But thereof come in the end despondency and madness
In the beginning are the words, and in Mexico the words dwell among us: our poets are more than ethereal figures shuffled off to ivory towers; their words, even if locked in slim volumes, are those of the people who shift the culture, and who in a very real way, affect the course of our lives. It is no accident that even in our most mundane activity, commerce, we carry Nezahuacoatl and Sor Juana with us.
The poetry of Javier Sicilia is not likely to be found in every Mexican home, and a taste for the hermetic tradition going back to Santa Teresa and San Juan de la Cruz is not common currency, but we are in a culture in which, when a poet speaks, those that fancy themselves our leaders (including the political kind) feel obliged to listen. Sicilia’s son, Juan Francisco Sicilia Ortega, was buried yesterday. Juan Francisco, and seven others, were found strangled and left in an abandoned car near Cuernavaca.
Felipe Calderón called the poet (who was in the Philipines at the time of the murder) to offer condolences and said “he personally was going to press for the (investigation) to be taken all the way.” At which point, the state prosecutor’s office attempted to dismiss the significance of the murder by suggesting the victims were involved in narcotics smuggling, or were military informants (or that Juan Francisco was with “the wrong crowd”) or…
Does it matter? Institutionalized violence is “destroying the best of our people, the youth”, the poet said. The state institutions — the political parties — do nothing, while the “war” continues to rack up a body count of men, women, children…
Rather than treat criminals as criminals, the state launched a “war”, and the results have been that the institutions are “rotten”, with victims — men, women, children — forgotten, and the State unwilling, or unable, to render any accounting.
“This isn’t about candidates, it’s about us, the citizens. It’s our job to hold them accountable. If we do not work together as citizens, nothing will happen.”
In reference to his own grief, he noted that many of the young victims are innocent of any wrong-doing. The government should be providing the public with the truth, and the identities of the victims. Otherwise, the stigma presented by the government (and the media) will stick to them, and the true culprits will go unpunished.
Specifically, he condemned Chihuahua governor, Cesár Duarte Jaquez, who suggested simply drafting “ni-nis” (young adults neither in school or working) into the army. “The urgent task is to provide opportunities for young people, not use them for cannon-fodder” simply adding to the “stupidity” of a situation in which the guilty go free for too long, and the innocent are victims.

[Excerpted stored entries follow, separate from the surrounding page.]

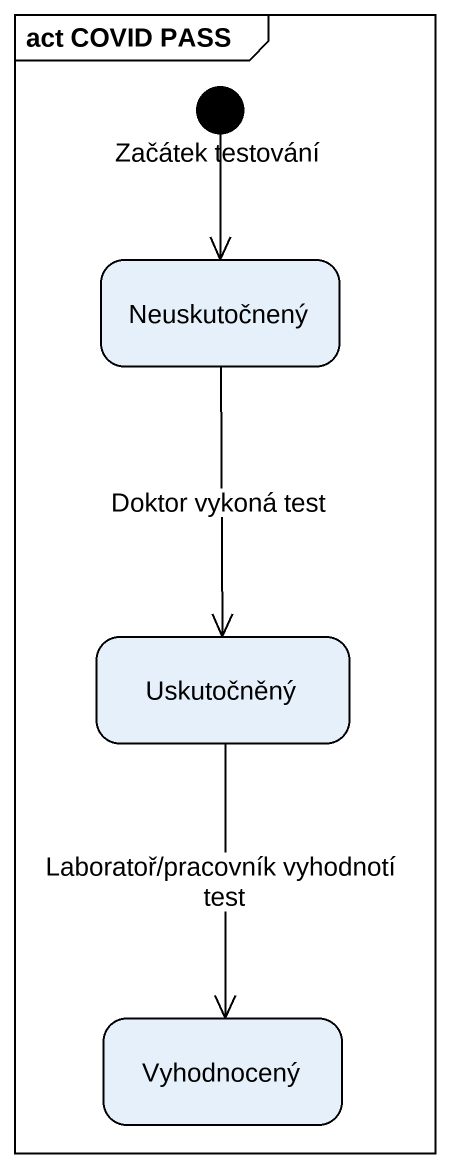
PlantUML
@startuml
mainframe act COVID PASS
hide empty description
state "Začátek testování" as Začátek_testování <<start>>
state Neuskutočnený
state Uskutočněný
state Vyhodnocený
Začátek_testování --> Neuskutočnený
Neuskutočnený --> Uskutočněný : Doktor vykoná test
Uskutočněný --> Vyhodnocený : Laboratoř/pracovník vyhodnotí test
@enduml
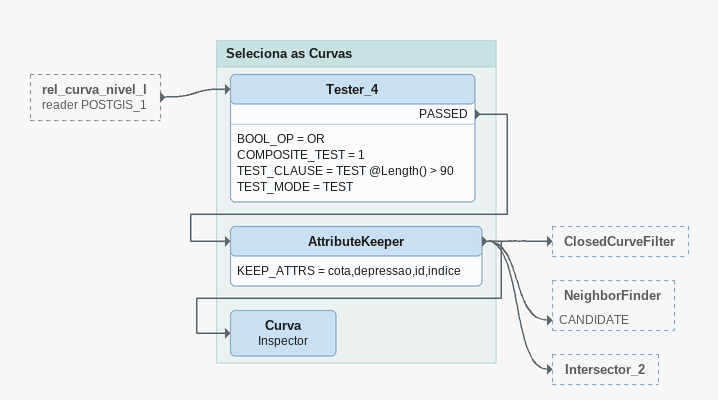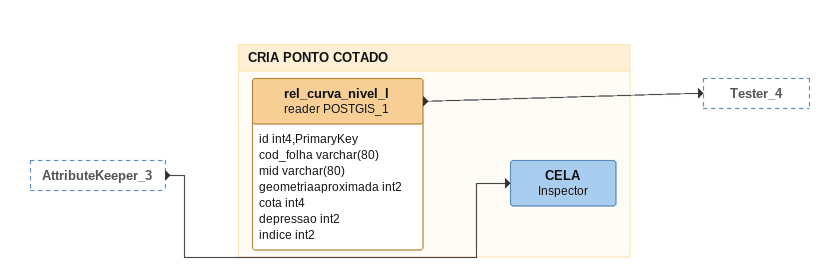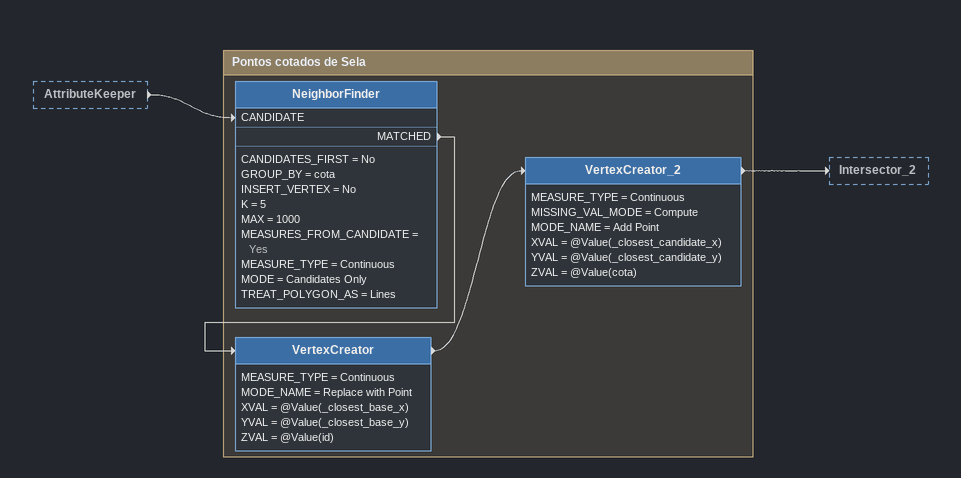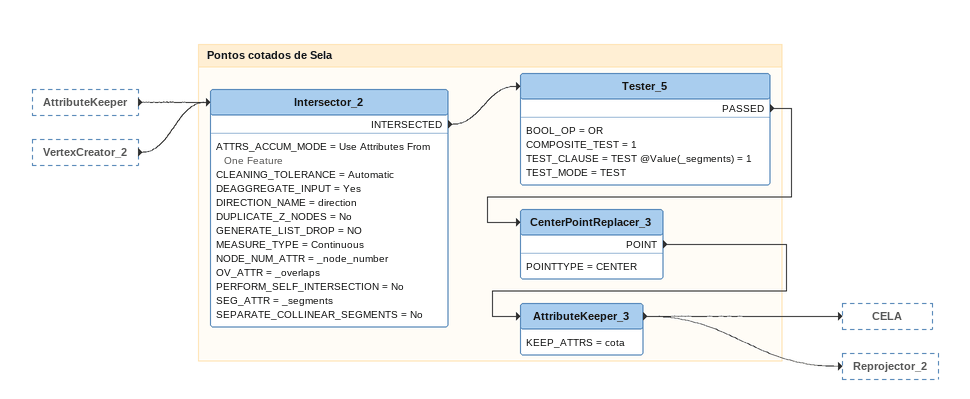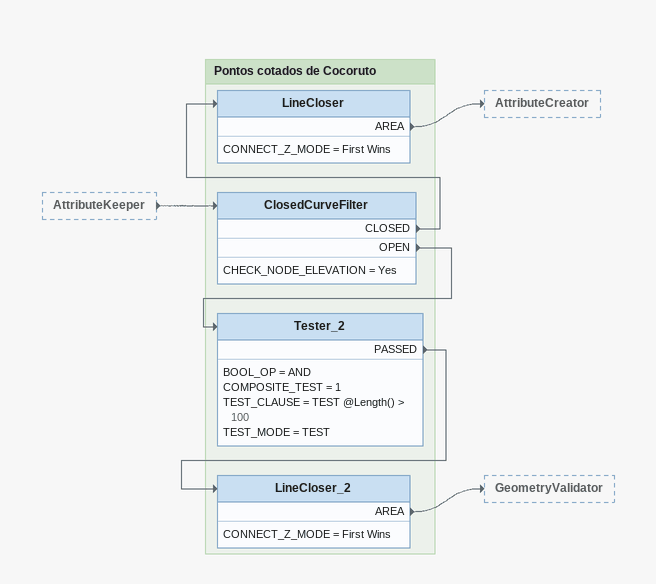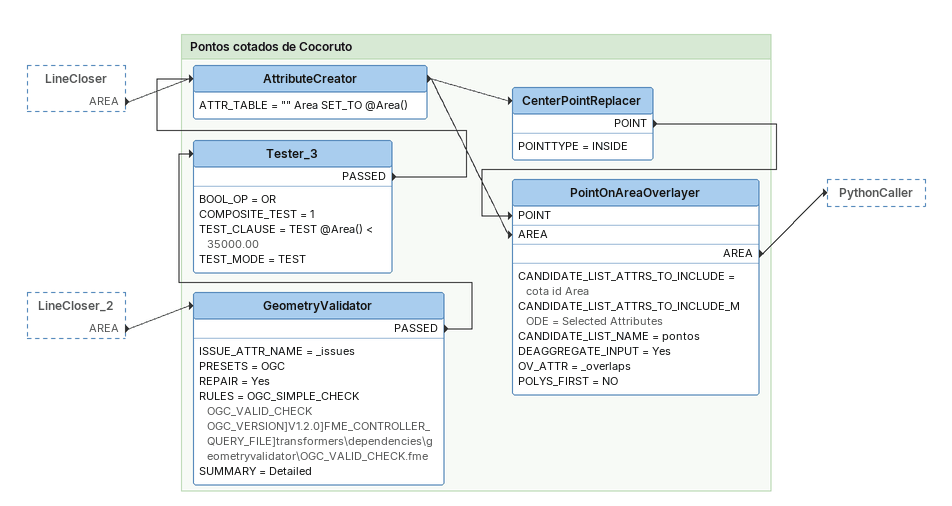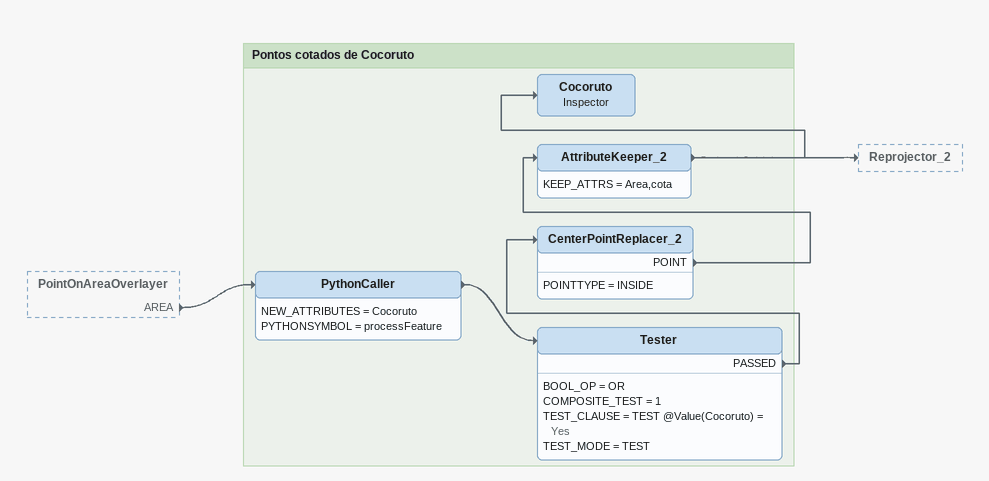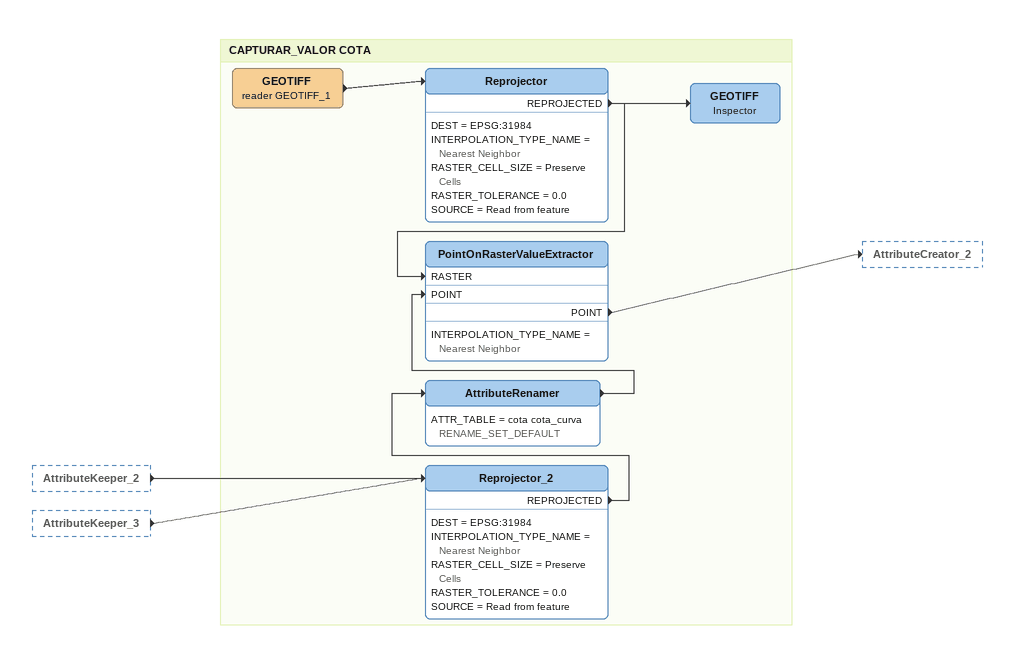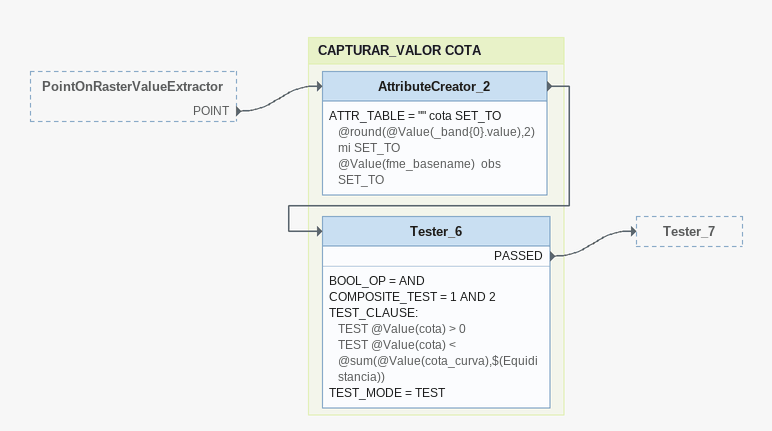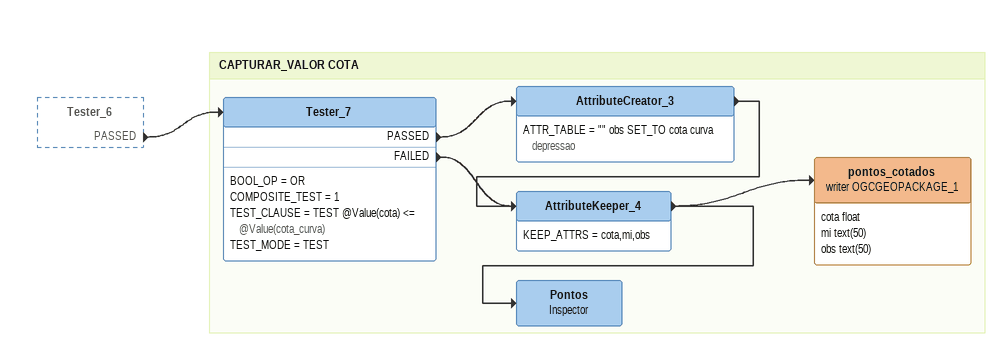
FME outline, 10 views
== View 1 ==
rel_curva_nivel_l (reader POSTGIS_1) [outside]
    -> Tester_4

Bookmark: Seleciona as Curvas
Tester_4
    BOOL_OP = OR
    COMPOSITE_TEST = 1
    TEST_CLAUSE = TEST @Length() > 90
    TEST_MODE = TEST
    PASSED -> AttributeKeeper
AttributeKeeper
    KEEP_ATTRS = cota,depressao,id,indice
    -> ClosedCurveFilter
    -> Curva
    -> NeighborFinder [CANDIDATE]
    -> Intersector_2
Curva: Inspector

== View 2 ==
AttributeKeeper_3 [outside]
    -> CELA

Bookmark: CRIA PONTO COTADO
rel_curva_nivel_l (reader POSTGIS_1)
    attributes: id int4,PrimaryKey, cod_folha varchar(80), mid varchar(80), geometriaaproximada int2, cota int4, depressao int2, indice int2
    -> Tester_4
CELA: Inspector

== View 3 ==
AttributeKeeper [outside]
    -> NeighborFinder [CANDIDATE]

Bookmark: Pontos cotados de Sela
NeighborFinder
    CANDIDATES_FIRST = No
    GROUP_BY = cota
    INSERT_VERTEX = No
    K = 5
    MAX = 1000
    MEASURES_FROM_CANDIDATE = Yes
    MEASURE_TYPE = Continuous
    MODE = Candidates Only
    TREAT_POLYGON_AS = Lines
    MATCHED -> VertexCreator
VertexCreator
    MEASURE_TYPE = Continuous
    MODE_NAME = Replace with Point
    XVAL = @Value(_closest_base_x)
    YVAL = @Value(_closest_base_y)
    ZVAL = @Value(id)
    -> VertexCreator_2
VertexCreator_2
    MEASURE_TYPE = Continuous
    MISSING_VAL_MODE = Compute
    MODE_NAME = Add Point
    XVAL = @Value(_closest_candidate_x)
    YVAL = @Value(_closest_candidate_y)
    ZVAL = @Value(cota)
    -> Intersector_2

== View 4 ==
AttributeKeeper [outside]
    -> Intersector_2
VertexCreator_2 [outside]
    -> Intersector_2

Bookmark: Pontos cotados de Sela
Intersector_2
    ATTRS_ACCUM_MODE = Use Attributes From One Feature
    CLEANING_TOLERANCE = Automatic
    DEAGGREGATE_INPUT = Yes
    DIRECTION_NAME = direction
    DUPLICATE_Z_NODES = No
    GENERATE_LIST_DROP = NO
    MEASURE_TYPE = Continuous
    NODE_NUM_ATTR = _node_number
    OV_ATTR = _overlaps
    PERFORM_SELF_INTERSECTION = No
    SEG_ATTR = _segments
    SEPARATE_COLLINEAR_SEGMENTS = No
    INTERSECTED -> Tester_5
Tester_5
    BOOL_OP = OR
    COMPOSITE_TEST = 1
    TEST_CLAUSE = TEST @Value(_segments) = 1
    TEST_MODE = TEST
    PASSED -> CenterPointReplacer_3
CenterPointReplacer_3
    POINTTYPE = CENTER
    POINT -> AttributeKeeper_3
AttributeKeeper_3
    KEEP_ATTRS = cota
    -> CELA
    -> Reprojector_2

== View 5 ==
AttributeKeeper [outside]
    -> ClosedCurveFilter

Bookmark: Pontos cotados de Cocoruto
ClosedCurveFilter
    CHECK_NODE_ELEVATION = Yes
    CLOSED -> LineCloser
    OPEN -> Tester_2
LineCloser
    CONNECT_Z_MODE = First Wins
    AREA -> AttributeCreator
Tester_2
    BOOL_OP = AND
    COMPOSITE_TEST = 1
    TEST_CLAUSE = TEST @Length() > 100
    TEST_MODE = TEST
    PASSED -> LineCloser_2
LineCloser_2
    CONNECT_Z_MODE = First Wins
    AREA -> GeometryValidator

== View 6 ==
LineCloser [outside]
    AREA -> AttributeCreator
LineCloser_2 [outside]
    AREA -> GeometryValidator

Bookmark: Pontos cotados de Cocoruto
GeometryValidator
    ISSUE_ATTR_NAME = _issues
    PRESETS = OGC
    REPAIR = Yes
    RULES = OGC_SIMPLE_CHECK  OGC_VALID_CHECK OGC_VERSION]V1.2.0]FME_CONTROLLER_QUERY_FILE]transformers\dependencies\geometryvalidator\OGC_VALID_CHECK.fme
    SUMMARY = Detailed
    PASSED -> Tester_3
Tester_3
    BOOL_OP = OR
    COMPOSITE_TEST = 1
    TEST_CLAUSE = TEST @Area() < 35000.00
    TEST_MODE = TEST
    PASSED -> AttributeCreator
AttributeCreator
    ATTR_TABLE = "" Area SET_TO @Area()
    -> PointOnAreaOverlayer [AREA]
    -> CenterPointReplacer
CenterPointReplacer
    POINTTYPE = INSIDE
    POINT -> PointOnAreaOverlayer [POINT]
PointOnAreaOverlayer
    CANDIDATE_LIST_ATTRS_TO_INCLUDE = cota id Area
    CANDIDATE_LIST_ATTRS_TO_INCLUDE_MODE = Selected Attributes
    CANDIDATE_LIST_NAME = pontos
    DEAGGREGATE_INPUT = Yes
    OV_ATTR = _overlaps
    POLYS_FIRST = NO
    AREA -> PythonCaller

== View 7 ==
PointOnAreaOverlayer [outside]
    AREA -> PythonCaller

Bookmark: Pontos cotados de Cocoruto
PythonCaller
    NEW_ATTRIBUTES = Cocoruto
    PYTHONSYMBOL = processFeature
    -> Tester
Tester
    BOOL_OP = OR
    COMPOSITE_TEST = 1
    TEST_CLAUSE = TEST @Value(Cocoruto) = Yes
    TEST_MODE = TEST
    PASSED -> CenterPointReplacer_2
CenterPointReplacer_2
    POINTTYPE = INSIDE
    POINT -> AttributeKeeper_2
AttributeKeeper_2
    KEEP_ATTRS = Area,cota
    -> Cocoruto
    -> Reprojector_2
Cocoruto: Inspector

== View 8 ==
AttributeKeeper_2 [outside]
    -> Reprojector_2
AttributeKeeper_3 [outside]
    -> Reprojector_2

Bookmark: CAPTURAR_VALOR COTA
Reprojector_2
    DEST = EPSG:31984
    INTERPOLATION_TYPE_NAME = Nearest Neighbor
    RASTER_CELL_SIZE = Preserve Cells
    RASTER_TOLERANCE = 0.0
    SOURCE = Read from feature
    REPROJECTED -> AttributeRenamer
AttributeRenamer
    ATTR_TABLE = cota cota_curva RENAME_SET_DEFAULT
    -> PointOnRasterValueExtractor [POINT]
GEOTIFF (reader GEOTIFF_1)
    -> Reprojector
Reprojector
    DEST = EPSG:31984
    INTERPOLATION_TYPE_NAME = Nearest Neighbor
    RASTER_CELL_SIZE = Preserve Cells
    RASTER_TOLERANCE = 0.0
    SOURCE = Read from feature
    REPROJECTED -> PointOnRasterValueExtractor [RASTER]
    REPROJECTED -> GEOTIFF
GEOTIFF: Inspector
PointOnRasterValueExtractor
    INTERPOLATION_TYPE_NAME = Nearest Neighbor
    POINT -> AttributeCreator_2

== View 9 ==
PointOnRasterValueExtractor [outside]
    POINT -> AttributeCreator_2

Bookmark: CAPTURAR_VALOR COTA
AttributeCreator_2
    ATTR_TABLE = "" cota SET_TO @round(@Value(_band{0}.value),2)  mi SET_TO @Value(fme_basename)  obs SET_TO
    -> Tester_6
Tester_6
    BOOL_OP = AND
    COMPOSITE_TEST = 1 AND 2
    TEST_CLAUSE:
      TEST @Value(cota) > 0
      TEST @Value(cota) < @sum(@Value(cota_curva),$(Equidistancia))
    TEST_MODE = TEST
    PASSED -> Tester_7

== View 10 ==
Tester_6 [outside]
    PASSED -> Tester_7

Bookmark: CAPTURAR_VALOR COTA
Tester_7
    BOOL_OP = OR
    COMPOSITE_TEST = 1
    TEST_CLAUSE = TEST @Value(cota) <= @Value(cota_curva)
    TEST_MODE = TEST
    PASSED -> AttributeCreator_3
    FAILED -> AttributeKeeper_4
AttributeCreator_3
    ATTR_TABLE = "" obs SET_TO cota curva depressao
    -> AttributeKeeper_4
AttributeKeeper_4
    KEEP_ATTRS = cota,mi,obs
    -> pontos_cotados (writer OGCGEOPACKAGE_1)
    -> Pontos
pontos_cotados (writer OGCGEOPACKAGE_1)
    attributes: cota float, mi text(50), obs text(50)
Pontos: Inspector

Those, of course, were the words of a grieving father… a father more eloquent than most, and one more likely to be quoted in the press… and in his role as a journalist and essayist. At his son’s funderal, Javier Sicilia, the poet, spoke the following words:
El mundo ya no es digno de la palabra
Nos la ahogaron adentro
Como te (asfixiaron),
Como te desgarraron a ti los pulmones
Y el dolor no se me aparta
sólo queda un mundo
Por el silencio de los justos
Sólo por tu silencio y por mi silencio, Juanelo
The world no longer merits the word
It has been choked out of us,
As you strangled,
As you had it torn your lungs.
And, for the pain I cannot escape
there is nothing. But for the world:
the silence of the just,
your silence, and my silence, Juanelo.
What more can he say? As a poet, and as a poet in a nation where poets matter, where the state has traditionally craved the legitimacy given by support from poets like Salvador Novo and Octavio Paz, comes the most damning indictment of the futility and stupidity of this “war” yet:
“This is my last poem, I cannot write any more. Poetry no longer exists for me.”
The blood drained out of my face when I read the title line on RSS, as you flung this author back 30 years to a school desk and a rabidly enthusiastic English Lit teacher. Thanks for another superlative post…Wordsworth and Mexico, beGad!